▸ **Source data**:
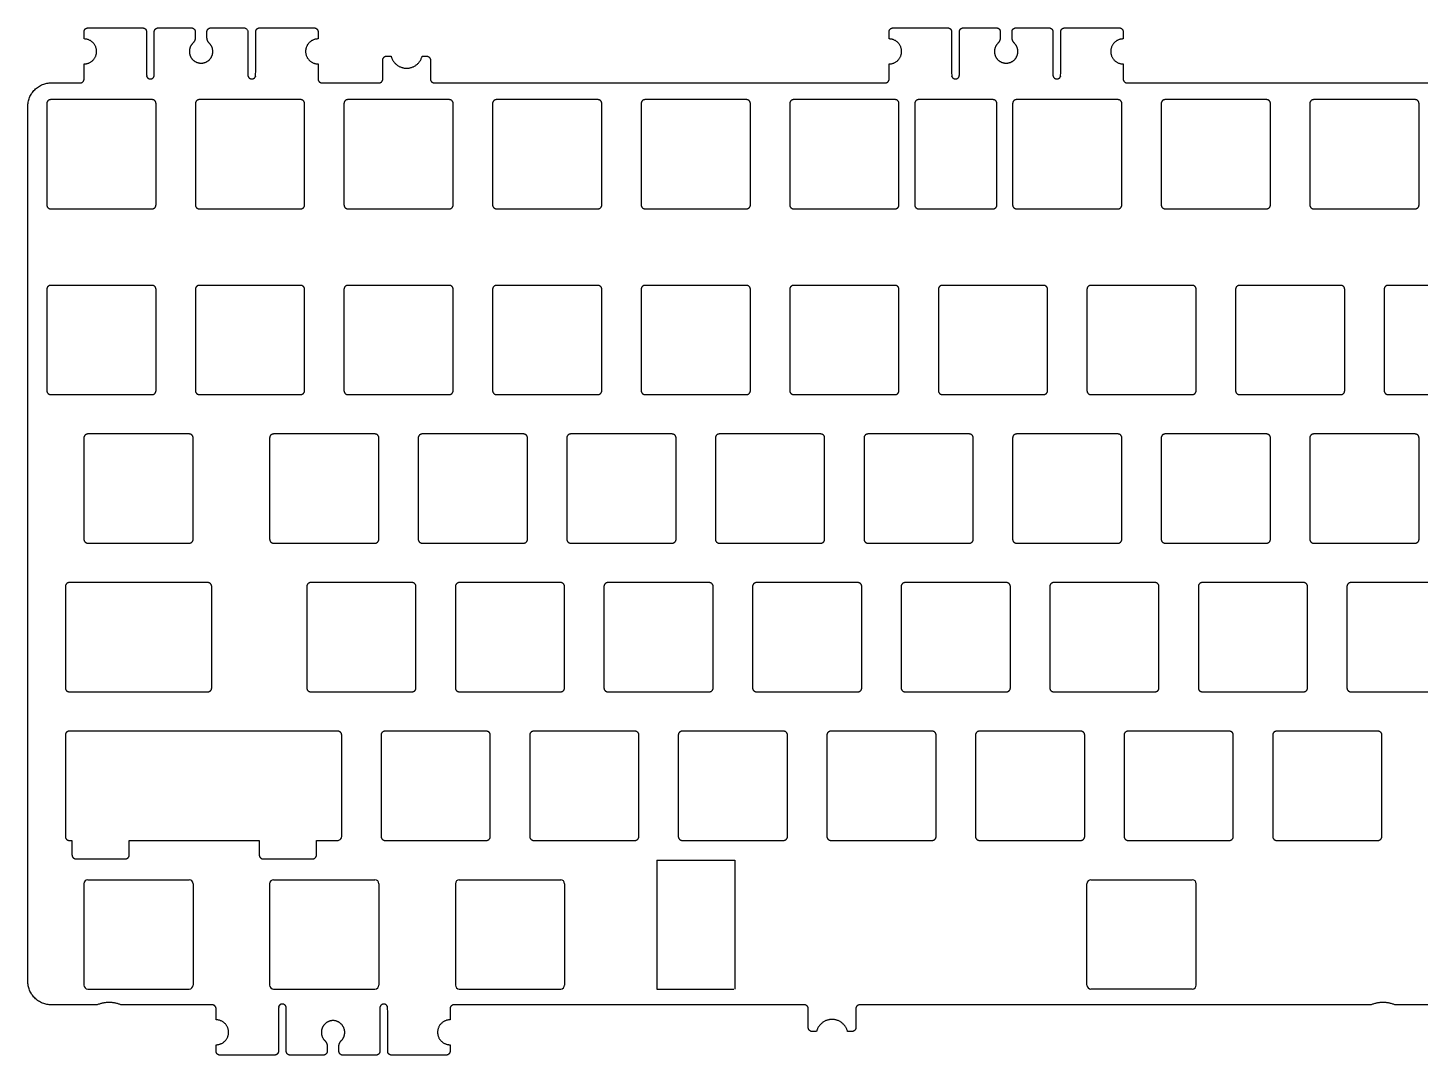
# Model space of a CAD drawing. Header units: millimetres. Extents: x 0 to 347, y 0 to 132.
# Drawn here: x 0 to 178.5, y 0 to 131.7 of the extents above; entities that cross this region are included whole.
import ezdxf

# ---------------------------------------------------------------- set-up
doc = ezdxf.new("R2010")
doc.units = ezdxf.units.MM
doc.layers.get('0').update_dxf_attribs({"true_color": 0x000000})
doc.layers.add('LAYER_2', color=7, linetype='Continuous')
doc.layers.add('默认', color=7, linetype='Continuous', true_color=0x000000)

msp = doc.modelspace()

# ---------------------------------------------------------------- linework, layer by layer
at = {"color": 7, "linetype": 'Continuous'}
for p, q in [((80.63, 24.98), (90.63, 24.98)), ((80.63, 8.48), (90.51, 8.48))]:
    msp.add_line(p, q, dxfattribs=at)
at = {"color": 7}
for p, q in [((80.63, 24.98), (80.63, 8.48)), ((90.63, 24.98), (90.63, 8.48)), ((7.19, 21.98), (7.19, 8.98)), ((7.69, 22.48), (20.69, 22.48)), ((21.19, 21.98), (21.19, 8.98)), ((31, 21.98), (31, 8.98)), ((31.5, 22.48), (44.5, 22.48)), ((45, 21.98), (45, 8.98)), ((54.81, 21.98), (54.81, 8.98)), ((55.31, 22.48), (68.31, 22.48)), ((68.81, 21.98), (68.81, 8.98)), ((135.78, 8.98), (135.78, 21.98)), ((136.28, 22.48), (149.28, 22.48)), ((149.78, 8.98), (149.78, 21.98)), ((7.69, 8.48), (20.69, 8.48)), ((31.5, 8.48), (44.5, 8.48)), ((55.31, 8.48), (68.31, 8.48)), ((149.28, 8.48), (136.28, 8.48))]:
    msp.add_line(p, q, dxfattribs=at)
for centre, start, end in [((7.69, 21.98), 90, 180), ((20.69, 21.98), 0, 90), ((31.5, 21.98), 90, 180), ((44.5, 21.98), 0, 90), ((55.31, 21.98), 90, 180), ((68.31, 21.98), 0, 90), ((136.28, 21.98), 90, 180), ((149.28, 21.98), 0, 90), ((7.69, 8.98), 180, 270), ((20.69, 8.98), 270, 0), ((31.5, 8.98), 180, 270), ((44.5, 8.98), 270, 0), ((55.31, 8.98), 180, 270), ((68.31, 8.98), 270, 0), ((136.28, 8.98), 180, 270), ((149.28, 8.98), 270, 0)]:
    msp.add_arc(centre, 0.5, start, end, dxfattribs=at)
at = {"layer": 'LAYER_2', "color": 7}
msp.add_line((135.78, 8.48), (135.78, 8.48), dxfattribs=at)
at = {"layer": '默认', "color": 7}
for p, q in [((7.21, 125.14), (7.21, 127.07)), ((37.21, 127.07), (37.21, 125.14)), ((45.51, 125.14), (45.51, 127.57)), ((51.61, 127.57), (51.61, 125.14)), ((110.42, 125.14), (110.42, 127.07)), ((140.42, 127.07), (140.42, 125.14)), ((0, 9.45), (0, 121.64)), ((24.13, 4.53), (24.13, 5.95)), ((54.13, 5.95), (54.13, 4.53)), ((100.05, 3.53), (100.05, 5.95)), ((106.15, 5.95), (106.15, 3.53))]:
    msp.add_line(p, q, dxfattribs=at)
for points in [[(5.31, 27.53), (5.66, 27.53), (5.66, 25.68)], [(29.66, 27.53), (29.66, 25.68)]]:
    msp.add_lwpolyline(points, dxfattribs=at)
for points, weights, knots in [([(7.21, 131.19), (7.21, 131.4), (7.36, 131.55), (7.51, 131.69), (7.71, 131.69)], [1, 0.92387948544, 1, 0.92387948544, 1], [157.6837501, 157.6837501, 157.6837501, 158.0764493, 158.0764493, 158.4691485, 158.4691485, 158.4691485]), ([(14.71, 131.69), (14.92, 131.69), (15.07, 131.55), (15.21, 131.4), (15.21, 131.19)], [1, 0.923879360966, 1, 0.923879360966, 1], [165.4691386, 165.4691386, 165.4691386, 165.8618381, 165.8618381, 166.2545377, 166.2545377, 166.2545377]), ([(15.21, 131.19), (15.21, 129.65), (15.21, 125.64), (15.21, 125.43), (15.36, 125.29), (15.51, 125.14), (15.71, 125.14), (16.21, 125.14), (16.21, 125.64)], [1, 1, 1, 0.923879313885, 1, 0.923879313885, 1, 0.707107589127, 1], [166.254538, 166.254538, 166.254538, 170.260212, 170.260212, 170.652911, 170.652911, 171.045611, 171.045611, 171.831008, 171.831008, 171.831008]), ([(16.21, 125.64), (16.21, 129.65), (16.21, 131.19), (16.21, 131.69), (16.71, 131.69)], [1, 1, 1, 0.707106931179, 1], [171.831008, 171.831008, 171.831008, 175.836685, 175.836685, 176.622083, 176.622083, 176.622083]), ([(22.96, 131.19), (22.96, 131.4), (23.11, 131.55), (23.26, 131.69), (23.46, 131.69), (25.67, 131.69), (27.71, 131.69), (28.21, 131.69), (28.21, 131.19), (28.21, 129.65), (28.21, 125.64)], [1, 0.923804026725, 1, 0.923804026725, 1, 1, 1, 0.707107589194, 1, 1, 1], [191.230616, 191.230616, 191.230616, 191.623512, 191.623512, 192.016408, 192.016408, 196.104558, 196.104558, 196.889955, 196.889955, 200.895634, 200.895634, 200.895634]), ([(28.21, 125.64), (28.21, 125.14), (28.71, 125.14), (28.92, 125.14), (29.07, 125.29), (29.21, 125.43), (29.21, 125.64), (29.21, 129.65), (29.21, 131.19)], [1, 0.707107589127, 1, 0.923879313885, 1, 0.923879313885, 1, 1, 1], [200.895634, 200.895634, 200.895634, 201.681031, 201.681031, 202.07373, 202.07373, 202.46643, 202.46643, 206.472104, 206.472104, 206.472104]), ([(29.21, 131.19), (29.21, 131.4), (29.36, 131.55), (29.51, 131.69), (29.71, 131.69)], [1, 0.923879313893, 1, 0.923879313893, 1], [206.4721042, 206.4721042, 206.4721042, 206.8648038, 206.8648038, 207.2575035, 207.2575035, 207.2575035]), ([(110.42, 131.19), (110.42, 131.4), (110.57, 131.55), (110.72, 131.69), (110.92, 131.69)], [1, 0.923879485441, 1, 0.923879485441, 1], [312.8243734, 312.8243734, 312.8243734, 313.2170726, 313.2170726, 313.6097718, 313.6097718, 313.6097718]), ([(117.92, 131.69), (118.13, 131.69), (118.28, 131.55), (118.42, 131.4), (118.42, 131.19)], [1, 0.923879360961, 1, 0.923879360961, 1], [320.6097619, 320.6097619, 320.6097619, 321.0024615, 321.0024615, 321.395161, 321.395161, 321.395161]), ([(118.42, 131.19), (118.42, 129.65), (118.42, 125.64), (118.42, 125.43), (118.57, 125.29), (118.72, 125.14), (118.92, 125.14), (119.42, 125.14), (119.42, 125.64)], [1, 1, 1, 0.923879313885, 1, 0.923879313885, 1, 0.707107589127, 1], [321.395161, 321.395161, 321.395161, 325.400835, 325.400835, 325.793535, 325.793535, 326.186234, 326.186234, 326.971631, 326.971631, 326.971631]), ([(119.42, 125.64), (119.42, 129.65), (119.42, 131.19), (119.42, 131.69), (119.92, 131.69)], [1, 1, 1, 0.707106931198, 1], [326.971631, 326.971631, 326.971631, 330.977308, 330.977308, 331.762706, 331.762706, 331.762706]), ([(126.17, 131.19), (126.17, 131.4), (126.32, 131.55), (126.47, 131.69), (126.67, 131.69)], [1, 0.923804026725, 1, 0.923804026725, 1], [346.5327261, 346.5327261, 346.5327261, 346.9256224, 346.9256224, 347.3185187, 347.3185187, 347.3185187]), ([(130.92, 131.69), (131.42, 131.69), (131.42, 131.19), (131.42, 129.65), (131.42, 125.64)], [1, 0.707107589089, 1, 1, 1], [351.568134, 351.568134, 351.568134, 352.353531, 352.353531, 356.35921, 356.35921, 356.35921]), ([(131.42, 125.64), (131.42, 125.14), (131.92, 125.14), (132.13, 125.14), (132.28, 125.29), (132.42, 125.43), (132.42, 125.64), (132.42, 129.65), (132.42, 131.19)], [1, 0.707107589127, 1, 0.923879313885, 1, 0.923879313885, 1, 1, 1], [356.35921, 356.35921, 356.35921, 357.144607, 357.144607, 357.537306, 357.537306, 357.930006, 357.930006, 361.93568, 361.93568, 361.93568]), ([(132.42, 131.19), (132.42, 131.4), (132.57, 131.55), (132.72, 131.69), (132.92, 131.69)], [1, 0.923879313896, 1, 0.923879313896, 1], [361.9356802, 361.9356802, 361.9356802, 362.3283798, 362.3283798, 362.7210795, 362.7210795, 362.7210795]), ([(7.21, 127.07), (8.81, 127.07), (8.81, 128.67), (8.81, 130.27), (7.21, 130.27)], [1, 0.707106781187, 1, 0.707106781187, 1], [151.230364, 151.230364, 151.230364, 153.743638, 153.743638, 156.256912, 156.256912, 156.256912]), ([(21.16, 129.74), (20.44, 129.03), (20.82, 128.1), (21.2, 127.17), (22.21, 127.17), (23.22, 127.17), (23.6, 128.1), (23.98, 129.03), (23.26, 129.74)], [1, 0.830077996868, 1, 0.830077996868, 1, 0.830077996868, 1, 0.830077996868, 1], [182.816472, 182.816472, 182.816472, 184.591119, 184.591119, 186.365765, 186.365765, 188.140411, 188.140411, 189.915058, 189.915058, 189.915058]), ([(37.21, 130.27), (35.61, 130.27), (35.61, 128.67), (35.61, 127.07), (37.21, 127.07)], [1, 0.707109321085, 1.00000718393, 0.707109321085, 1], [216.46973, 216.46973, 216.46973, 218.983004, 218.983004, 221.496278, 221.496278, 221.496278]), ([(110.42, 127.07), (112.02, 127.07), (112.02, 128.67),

▸ **What is being asked**: Copy out each line of the data that has the word "units" in it.

▸ **Exercise solution**:
# Model space of a CAD drawing. Header units: millimetres. Extents: x 0 to 347, y 0 to 132.
doc.units = ezdxf.units.MM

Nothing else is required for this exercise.